=== Raw data ===
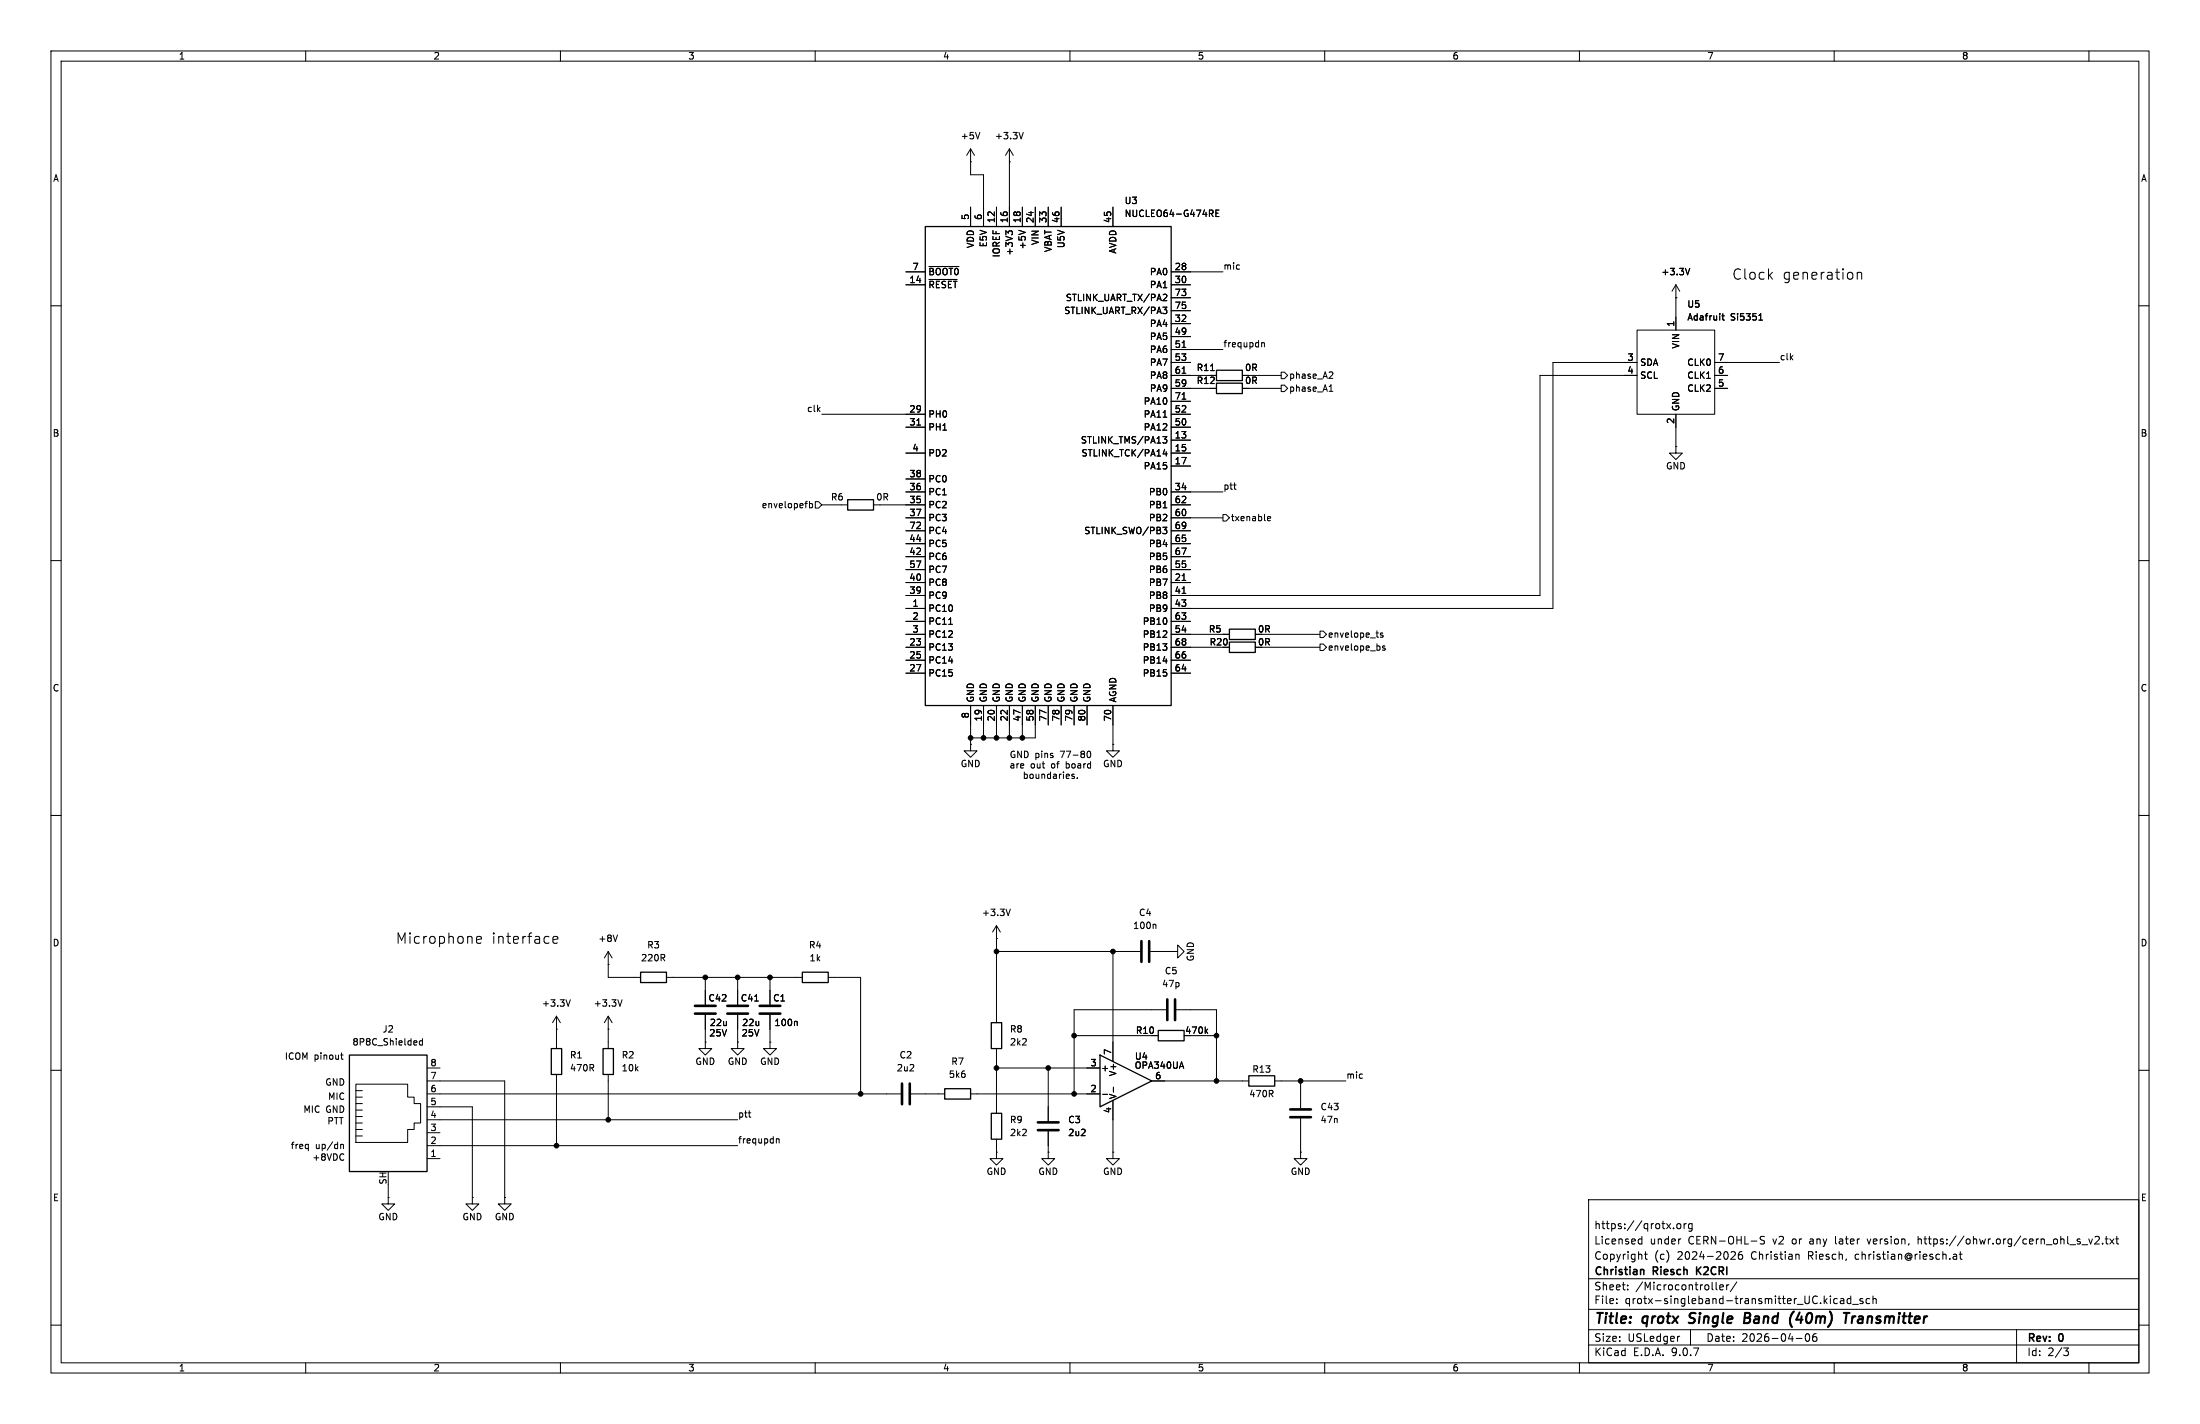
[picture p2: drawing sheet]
<svg xmlns="http://www.w3.org/2000/svg" width="432mm" height="279mm" viewBox="0 0 432 279" stroke-linecap="round" stroke-linejoin="round" font-family="sans-serif">
<g fill="none" stroke="#000" stroke-width=".2">
<path d="M10 10h411.8v259.4h-411.8zM12 12h407.8v255.4h-407.8zM60 10v2M110 10v2M160 10v2M210 10v2M260 10v2M310 10v2M360 10v2M410 10v2M190.5 31.8h.1M190.5 29.2l-.8 1.3"/>
<path d="M190.5 29.2l.8 1.3M190.5 29.2v5.1h2.5v10.2M192.3 26l-.4 1.2M198.1 31.8h.1M198.1 29.2l-.7 1.3M198.1 29.2l.8 1.3M198.1 29.2v15.3M200.8 26l-.4 1.2M177.8 53.3h3.8M177.8 55.9h3.8M182.3 52.3h5.9M182.3 54.8h5.5"/>
<path d="M190.5 40.6v3.9M195.6 40.6v3.9M197.9 45.7l-.5-.4v.8M197.9 45.5l.3-.2h.3l.2 .2M200 45.2l1.2 .4M200.7 40.6v3.9M203.2 40.6v3.9M205.7 40.6v3.9M208.3 40.6v3.9M218.4 40.6v3.9M228.5 57.7l.4 .1 .1 .3-.8 .9h.8M229.9 53.3h10.1"/>
<path d="M229.9 55.9h3.8M229.9 58.4h3.8M237.4 41.2h.5l.2 .3-.1 .3-.6 .1M237.7 41.9l.4 .6M238.6 41.8h.5M239.3 41.2h-.7v1.3h.7M328.9 58.4h.1M328.9 55.9v8.9M328.9 55.9l-.7 1.3M328.9 55.9l.8 1.3M331.7 52.6l-.5 1.3M364.5 53.4v1.4"/>
<path d="M364.5 53.6a.5 .5 0 0 1 .9 .1v1.1M10 60h2M228.2 60.3h.8l-.4 .5 .4 .1v.4l-.2 .2h-.4M229.9 73.7h8.9M229.9 76.2h8.9M229.9 71.1h3.8M229.9 61h3.8M229.9 63.5h3.8M229.9 66h3.8M229.9 68.6h10.1M229.9 78.7h3.8M232 68.2h.7"/>
<path d="M232 73.2h.7M232 78.3h.7M237.6 72.7h.7M243.8 76.2h7.7M245.1 73.7h6.4M247.6 67.2v.9M247.6 67.3h.5l.1 .8M251.5 75.6h.6l.6 .6-.6 .6h-.6zM251.5 73h.6l.6 .7-.6 .6h-.6zM260.9 76.8h.7M261.1 75.7l.1-.2v1.3M261.4 73l.2 .2-.1 .3-.7 .7h.8"/>
<path d="M321.3 64.8h15.2v16.5h-15.2zM321.3 73.7h-19v43.1h-72.4M321.3 71.1h-16.5v48.3h-74.9M336.5 73.7h2.6M336.5 76.2h2.6M336.5 71.1h12.7M338 62h.4M338.1 61.5v1.1l.3 .2M345.2 62.8h.7M345.3 61.8l.3-.3v1.3M419.8 60h2M158.9 98.4v1.2"/>
<path d="M158.9 98.9l.3-.1 .3 .2-.1 .6h-.5M160 98.4h.7l.6 .7-.6 .6h-.7zM161.3 99.1h5.1M161.3 81.3h20.3M171.4 99.1h10.2M177.8 83.8h3.8M177.8 88.9h3.8M177.8 94h3.8M177.8 96.5h3.8M179.9 83.4h.8M228.2 85.7h.8l-.4 .5 .4 .1v.5l-.2 .1h-.5M228.3 81.9h.7"/>
<path d="M228.6 88.1l-.3 1h.8M228.9 88.6v.9M229.9 99.1h3.8M229.9 81.3h3.8M229.9 83.8h3.8M229.9 88.9h3.8M229.9 96.5h10.1M229.9 86.4h3.8M229.9 91.4h3.8M242.1 95.2h.5M242.5 96h.1M328.9 87.6v1.3h1.3l-1.3 1.3-1.2-1.3h1.2"/>
<path d="M328.9 87.6h.1M328.9 81.3v6.3M10 110h2M177.8 101.6h3.8M177.8 104.1h3.8M177.8 106.7h3.8M177.8 109.2h3.8M177.8 111.8h3.8M177.8 114.3h3.8M177.8 116.8h3.8M177.8 119.4h3.8M228.2 103.4h.8l-.4 .5 .4 .2v.4l-.2 .2h-.4"/>
<path d="M229.9 101.6h10.1M229.9 104.1h3.8M229.9 106.7h3.8M229.9 109.2h3.8M229.9 111.8h3.8M229.9 114.3h3.8M232 113.9h.7M232 116.4h.7M240 101h.7l.6 .6-.6 .6h-.7zM248.8 101.8l.6-.2-.1-.2-.3-.1-.2 .2v.6h.5M419.8 110h2M177.8 127h3.8"/>
<path d="M177.8 121.9h3.8M177.8 124.5h3.8M177.8 129.5h3.8M177.8 132.1h3.8M186.2 122.5h.7M190.5 138.4v7.7M193 138.4v6.4M195.6 138.4v6.4M198.1 138.4v6.4M200.7 138.4v6.4M203.2 138.4v6.4h-12.7M205.7 138.4v3.8"/>
<path d="M208.3 138.4v3.8M210.8 138.4v3.8M213.4 138.4v3.8M218.4 138.4v7.7M229.9 127h11.4M229.9 121.9h3.8M229.9 124.5h11.4M229.9 129.5h3.8M229.9 132.1h3.8M247.6 127h11.5M247.6 124.5h11.5M259.1 123.8h.6l.6 .7-.6 .6h-.6z"/>
<path d="M259.1 126.4h.6l.6 .6-.6 .6h-.6zM271.4 124.3l-.3-.1-.2 .2 .1 .2 .4 .1v.3h-.5M271.8 126.8l-.3-.1-.2 .2 .1 .2 .4 .1v.3h-.5M10 160h2M190.5 146.1v1.2h1.3l-1.3 1.3-1.3-1.3h1.3M190.5 146.1h.1M210.8 152l-.3-.1-.1 .2v.2l.4 .1v.3h-.4M211.4 152.6v.1M213.5 147.5l.2-.1a.68 .68 0 0 1 .4 .6 .68 .68 0 0 1-.4 .7l-.3-.5zM218.4 146.1v1.2h1.3l-1.3 1.3-1.2-1.3h1.2M218.4 146.1h.1M419.8 160h2"/>
<path d="M198.3 178.4l-.4 1.2M93.5 184.4l1-.2-.1-.4-.6-.1-.3 .3 .1 1h.8M108.5 184.4l1-.2-.1-.4-.6-.1-.3 .3 .1 1h.8M109.2 199.4v6.3M109.2 199.4l-.7 1.3M109.2 199.4l.8 1.3M111.9 196.2l-.4 1.2M119.4 189.2h.1M119.4 186.7v5.1h6.3M119.4 199.4v6.3M119.4 199.4l-.8 1.3M119.4 199.4l.7 1.3"/>
<path d="M119.4 186.7l-.8 1.3M119.4 186.7l.7 1.3M121.2 183.5l-.4 1.2M122.1 196.2l-.4 1.2M130.8 191.8h26.7M138.4 191.8v5.3M138.4 199.1v5.4M144.8 191.8v5.3M144.8 199.1v5.4M148.1 196.4h.7M151.1 191.8v5.3M151.1 199.1v5.4"/>
<path d="M162.6 191.8h6.3v22.8M195.6 184.2h.1M195.6 181.6v19.1M195.6 181.6l-.8 1.3M195.6 181.6l.7 1.3M195.6 186.7h28.2M218.4 186.7v21.6M225.8 186.7h4.1M226.7 181.3l.2 .2v.7M228.9 198.1h-18.1v16.5M229.9 186.7h1.2v-1.3l1.3 1.3-1.3 1.3v-1.3M229.9 186.7h.1"/>
<path d="M230.9 198.1h7.9v14M10 210h2M66.9 207h.4M67 206.6v1.1l.3 .1M69.8 217.8h1.3M69.8 219.1h1.3M69.8 212.7h10.2v2.6h1.3v1.2h1.2v3.8h-1.2v1.3h-1.3v2.6h-10.2zM69.8 216.5h1.3M69.8 214h1.3M69.8 215.3h1.3M82.9 203.8v1.2M82.9 204.3l-.4-.1-.2 .2 .1 .6h.5"/>
<path d="M83.8 212.1h15.3v22.9M83.8 209.6h2.6M83.8 214.6h93M83.8 217.2h8.9v17.8M83.8 219.7h61M109.2 201.9h.1M109.2 210.8v14M119.4 201.9h.1M119.4 210.8v8.9M138.4 204.5v1.2h1.3l-1.3 1.3-1.2-1.3h1.2M138.4 204.5h.1M144.8 204.5v1.2h1.2l-1.2 1.3-1.3-1.3h1.3"/>
<path d="M144.8 204.5h.1M146.9 218.4h.5M147.2 219.2h.2M151.1 204.5v1.2h1.3l-1.3 1.3-1.2-1.3h1.2M151.1 204.5h.1M156.3 200.4l.2 .2v.6M178.8 214.6h6.6M190.5 214.6h25.4M195.6 205.7v12.7M195.6 209.6h20.3M205.7 209.6v10.4M210.8 203.2h16.5"/>
<path d="M216.4 214.7h1M218.4 215.9v10.2M218.5 213.3v1M226.1 212.1h19M233.7 203.2h5.1M236.7 202.3l.3 .5M237 201.9l-.4 .5M250.2 212.1h14M255.3 212.1v5.3M255.3 219.5v6.6M419.8 210h2M66.9 224.5v.9"/>
<path d="M66.9 224.6h.5v.8M69.8 220.3h1.3M69.8 221.6h1.3M69.8 222.9h1.3M76.2 235v1.2h1.3l-1.3 1.3-1.3-1.3h1.3M76.2 235h.1M76.2 232.4v2.6M83.8 222.3h2.6M83.8 224.8h61M83.8 227.3h2.6M92.7 235v1.2h1.3l-1.3 1.3-1.3-1.3h1.3M92.7 235h.1"/>
<path d="M99.1 235v1.2h1.2l-1.2 1.3-1.3-1.3h1.3M99.1 235h.1M152.4 223.4v.9M152.4 223.6l.5-.1v.8M195.6 226.1v1.2h1.2l-1.2 1.3-1.3-1.3h1.3M195.6 226.1h.1M195.6 223.5v2.6M205.7 226.1v1.2h1.3l-1.3 1.3-1.2-1.3h1.2M205.7 226.1h.1M205.7 222v4.1M218.4 226.1v1.2h1.3l-1.3 1.3-1.2-1.3h1.2M218.4 226.1h.1"/>
<path d="M255.3 226.1v1.2h1.2l-1.2 1.3-1.3-1.3h1.3M255.3 226.1h.1M311.8 235.4h108v32h-108zM10 260h2M311.8 256.9h108M311.8 250.9h108M317.3 255.6v.2M317.3 254.9v.1M319.5 252.9v.2M319.5 252.2v.1M321.7 244h.6M321.7 243.2h.6"/>
<path d="M322.3 242.6v1.5M322.8 246.1h.5M323 245.6v1.3l.3 .2M328.5 240.9v.2M329.3 240.2l.3-.1 .3 .3v.4l-.3 .3-.3-.1-.2-.2zM329.8 243.1h.1M330.5 240.1v1M331 240.1l-.3 .1-.2 .2M332.1 240.2l-.4-.1-.3 .3 .1 .6h.6M332.1 240.1v1.2l-.3 .3-.3-.1M336.8 251.6v1.3l.2 .2M337.5 252.6l.8-.2-.1-.2-.4-.1-.3 .2 .1 .7h.6"/>
<path d="M338.9 252.1v1M339.3 252.1l-.3 .1-.1 .2M339.8 245.7l.5-.1 .2 .1 .1 .3-.9 1.1h.9M340.9 251.5l-1.3 1.9M341.9 245.6a.59 .59 0 0 0-.7 .6v.6l.1 .2 .5 .1 .2-.2v-.5l-.1-.2h-.4l-.3 .2M346.3 242.7l-.5-.1-.3 .1v.5l.7 .2 .1 .4-.3 .3-.5-.1M352.5 246.2h.5l.1 .9M360.6 254.9l-.4-.1-.3 .3 .1 .6h.6M361.3 254.9h.5l.1 .9M361.9 255.1l-.5 .1a.29 .29 0 0 0-.2 .3 .29 .29 0 0 0 .2 .3l.5-.1M363.3 254.9l-.5-.1-.3 .3 .2 .6h.6M363.3 254.3v1.5"/>
<path d="M363.6 255.9h1.2M365.6 254.9l-.3-.1-.3 .2 .1 .2 .5 .2v.3h-.6M366.5 243.1l.3 1M367 254.9l-.5-.1-.2 .3 .1 .6h.6M367.6 254.9l.2-.1 .4 .1 .1 .9M367.6 254.3v1.5M376.5 242.6v1.5M376.7 243.1l-.2 .1M383.4 246.2h.6v.9M384 246.4l-.5 .1a.29 .29 0 0 0-.2 .3 .29 .29 0 0 0 .2 .3l.5-.1M384.5 246.1h.6M384.8 245.6v1.3l.3 .2"/>
<path d="M408.6 244.2h1.2M410 243.1l.3 1 .4-1M411.2 242.7l.6-.1 .2 .1v.3l-.9 1.1h.9M412.7 243.9v.2M413.2 243.1h.6M413.4 242.6v1.3l.4 .2M414.1 243.1l.8 1M414.9 243.1l-.8 1M415.3 243.1h.5M415.5 242.6v1.3l.3 .2M419.8 260h2M60 267.4v2"/>
<path d="M110 267.4v2M160 267.4v2M210 267.4v2M260 267.4v2M310 267.4v2M311.8 263.9h108M311.8 260.9h108M329.5 262.2h.2M331.8 260.9v3M352.5 262.6h1.2M354.5 261.8a.81 .81 0 0 0 .3 1.4l.2-.2 .2-.4-.2-.8M356 261.8a1.17 1.17 0 0 0-.1 1.3h.6l.1-.6-.3-.2h-.4l-.1 .2"/>
<path d="M360 267.4v2M395.8 260.9v6.5M405 264.5h1l-.5 .6 .4 .1 .1 .5-.3 .3h-.4M410 267.4v2"/>
</g>
<path d="M331.4 259.5l.3 .1M331.8 257.8l-.1 .6M342.4 258.6h.7M343.1 258.6l.3 .1M343.2 257.6h-.7l-.2 2 1-.1M343.3 258.5l-.2 .1M352.1 257.3l-.1 .1M353.2 257.5l-.6 1.4h1.2M361.9 257.6h1.1M362.4 257.6l-.2 2M363.6 258.3l-.2 1.3M364.2 258.3l-.4 .1-.2 .3" fill="none" stroke="#000" stroke-width=".4"/>
<path d="M322.4 249.1l.2 .2v.8M333 248.6v1.5M333.9 248.6l-.9 .8" fill="none" stroke="#000" stroke-width=".3"/>
<g fill="none" stroke="#000" stroke-width=".25">
<path d="M181.6 44.5h48.3v93.9h-48.3zM238.8 72.6h5v2.1h-5zM238.8 75.2h5v2h-5zM166.4 98h5v2.1h-5zM241.3 126h5.1v2h-5.1zM241.3 123.4h5.1v2.1h-5.1zM125.7 190.8h5.1v2h-5.1zM157.5 190.8h5.1v2h-5.1zM68.6 207h15.2v22.9h-15.2zM108.2 205.7h2v5.1h-2zM118.4 205.7h2v5.1h-2zM185.4 213.6h5.1v2h-5.1z"/>
<path d="M194.6 218.4h2v5.1h-2zM194.6 200.7h2v5h-2zM215.9 207l10.2 5.1-10.2 5.1zM227.3 202.2h5.1v2h-5.1zM245.1 211.1h5.1v2h-5.1z"/>
</g>
<g fill="none" stroke="#000" stroke-width=".51">
<path d="M136.4 197.4h4.1M136.4 198.9h4.1M142.7 197.4h4.1M142.7 198.9h4.1M149.1 197.4h4.1M149.1 198.9h4.1M224 184.7v4M225.6 184.7v4M229.1 196.1v4.1M230.6 196.1v4.1M177 212.6v4.1M178.6 212.6v4.1"/>
<path d="M253.2 217.7h4.1M253.2 219.2h4.1M203.7 220.2h4.1M203.7 221.7h4.1"/>
</g>
<g fill="#000" stroke="#000" stroke-width=".2">
<circle cx="190.5" cy="144.8" r=".46"/>
<circle cx="193" cy="144.8" r=".46"/>
<circle cx="195.6" cy="144.8" r=".46"/>
<circle cx="198.1" cy="144.8" r=".46"/>
<circle cx="200.7" cy="144.8" r=".46"/>
<circle cx="138.4" cy="191.8" r=".46"/>
<circle cx="144.8" cy="191.8" r=".46"/>
<circle cx="151.1" cy="191.8" r=".46"/>
<circle cx="195.6" cy="186.7" r=".46"/>
<circle cx="218.4" cy="186.7" r=".46"/>
<circle cx="119.4" cy="219.7" r=".46"/>
<circle cx="168.9" cy="214.6" r=".46"/>
<circle cx="195.6" cy="209.6" r=".46"/>
<circle cx="205.7" cy="209.6" r=".46"/>
<circle cx="210.8" cy="214.6" r=".46"/>
<circle cx="210.8" cy="203.2" r=".46"/>
<circle cx="238.8" cy="212.1" r=".46"/>
<circle cx="238.8" cy="203.2" r=".46"/>
<circle cx="255.3" cy="212.1" r=".46"/>
<circle cx="109.2" cy="224.8" r=".46"/>
</g>
<g font-size="2.8">
<text x="339.9" y="55.1">Clock</text>
<text x="349.8" y="55.1">generation</text>
<text x="77.7" y="185.4">Microphone</text>
<text x="96.5" y="185.4">interface</text>
<text x="312.8" y="260.3">Title:</text>
<text x="322.5" y="260.3">qrotx</text>
<text x="332.4" y="260.3">Single</text>
<text x="344" y="260.3">Band</text>
<text x="353.7" y="260.3">(40m)</text>
<text x="365.2" y="260.3">Transmitter</text>
</g>
<g font-size="2.1">
<text x="312.8" y="244.4">Licensed</text>
<text x="312.8" y="241.4">https://qrotx.org</text>
<text x="323.8" y="244.4">under</text>
<text x="331.4" y="244.4">CERN-OHL-S</text>
<text x="348.1" y="244.4">v2</text>
<text x="352" y="244.4">or</text>
<text x="355.6" y="244.4">any</text>
<text x="360.7" y="244.4">later</text>
<text x="367.3" y="244.4">version,</text>
<text x="377.3" y="244.4">https://ohwr.org/cern_ohl_s_v2.txt</text>
<text x="312.8" y="250.6">Christian</text>
<text x="312.8" y="247.4">Copyright</text>
<text x="324.5" y="250.6">Riesch</text>
<text x="324.7" y="247.4">(c)</text>
<text x="329.3" y="247.4">2024-2026</text>
<text x="333.6" y="250.6">K2CRI</text>
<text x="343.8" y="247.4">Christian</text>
===
• Task prompt: Both end lines included, restate word for word the lines above from the line with "235v1.2h1.2l-1.2 1.3-1.3-1.3h1.3M99.1 235h.1M152.4" to the line with "242.6v1.5M322.8 246.1h.5M323 245.6v1.3l.3", and nothing else.

• Solved exercise:
<path d="M99.1 235v1.2h1.2l-1.2 1.3-1.3-1.3h1.3M99.1 235h.1M152.4 223.4v.9M152.4 223.6l.5-.1v.8M195.6 226.1v1.2h1.2l-1.2 1.3-1.3-1.3h1.3M195.6 226.1h.1M195.6 223.5v2.6M205.7 226.1v1.2h1.3l-1.3 1.3-1.2-1.3h1.2M205.7 226.1h.1M205.7 222v4.1M218.4 226.1v1.2h1.3l-1.3 1.3-1.2-1.3h1.2M218.4 226.1h.1"/>
<path d="M255.3 226.1v1.2h1.2l-1.2 1.3-1.3-1.3h1.3M255.3 226.1h.1M311.8 235.4h108v32h-108zM10 260h2M311.8 256.9h108M311.8 250.9h108M317.3 255.6v.2M317.3 254.9v.1M319.5 252.9v.2M319.5 252.2v.1M321.7 244h.6M321.7 243.2h.6"/>
<path d="M322.3 242.6v1.5M322.8 246.1h.5M323 245.6v1.3l.3 .2M328.5 240.9v.2M329.3 240.2l.3-.1 .3 .3v.4l-.3 .3-.3-.1-.2-.2zM329.8 243.1h.1M330.5 240.1v1M331 240.1l-.3 .1-.2 .2M332.1 240.2l-.4-.1-.3 .3 .1 .6h.6M332.1 240.1v1.2l-.3 .3-.3-.1M336.8 251.6v1.3l.2 .2M337.5 252.6l.8-.2-.1-.2-.4-.1-.3 .2 .1 .7h.6"/>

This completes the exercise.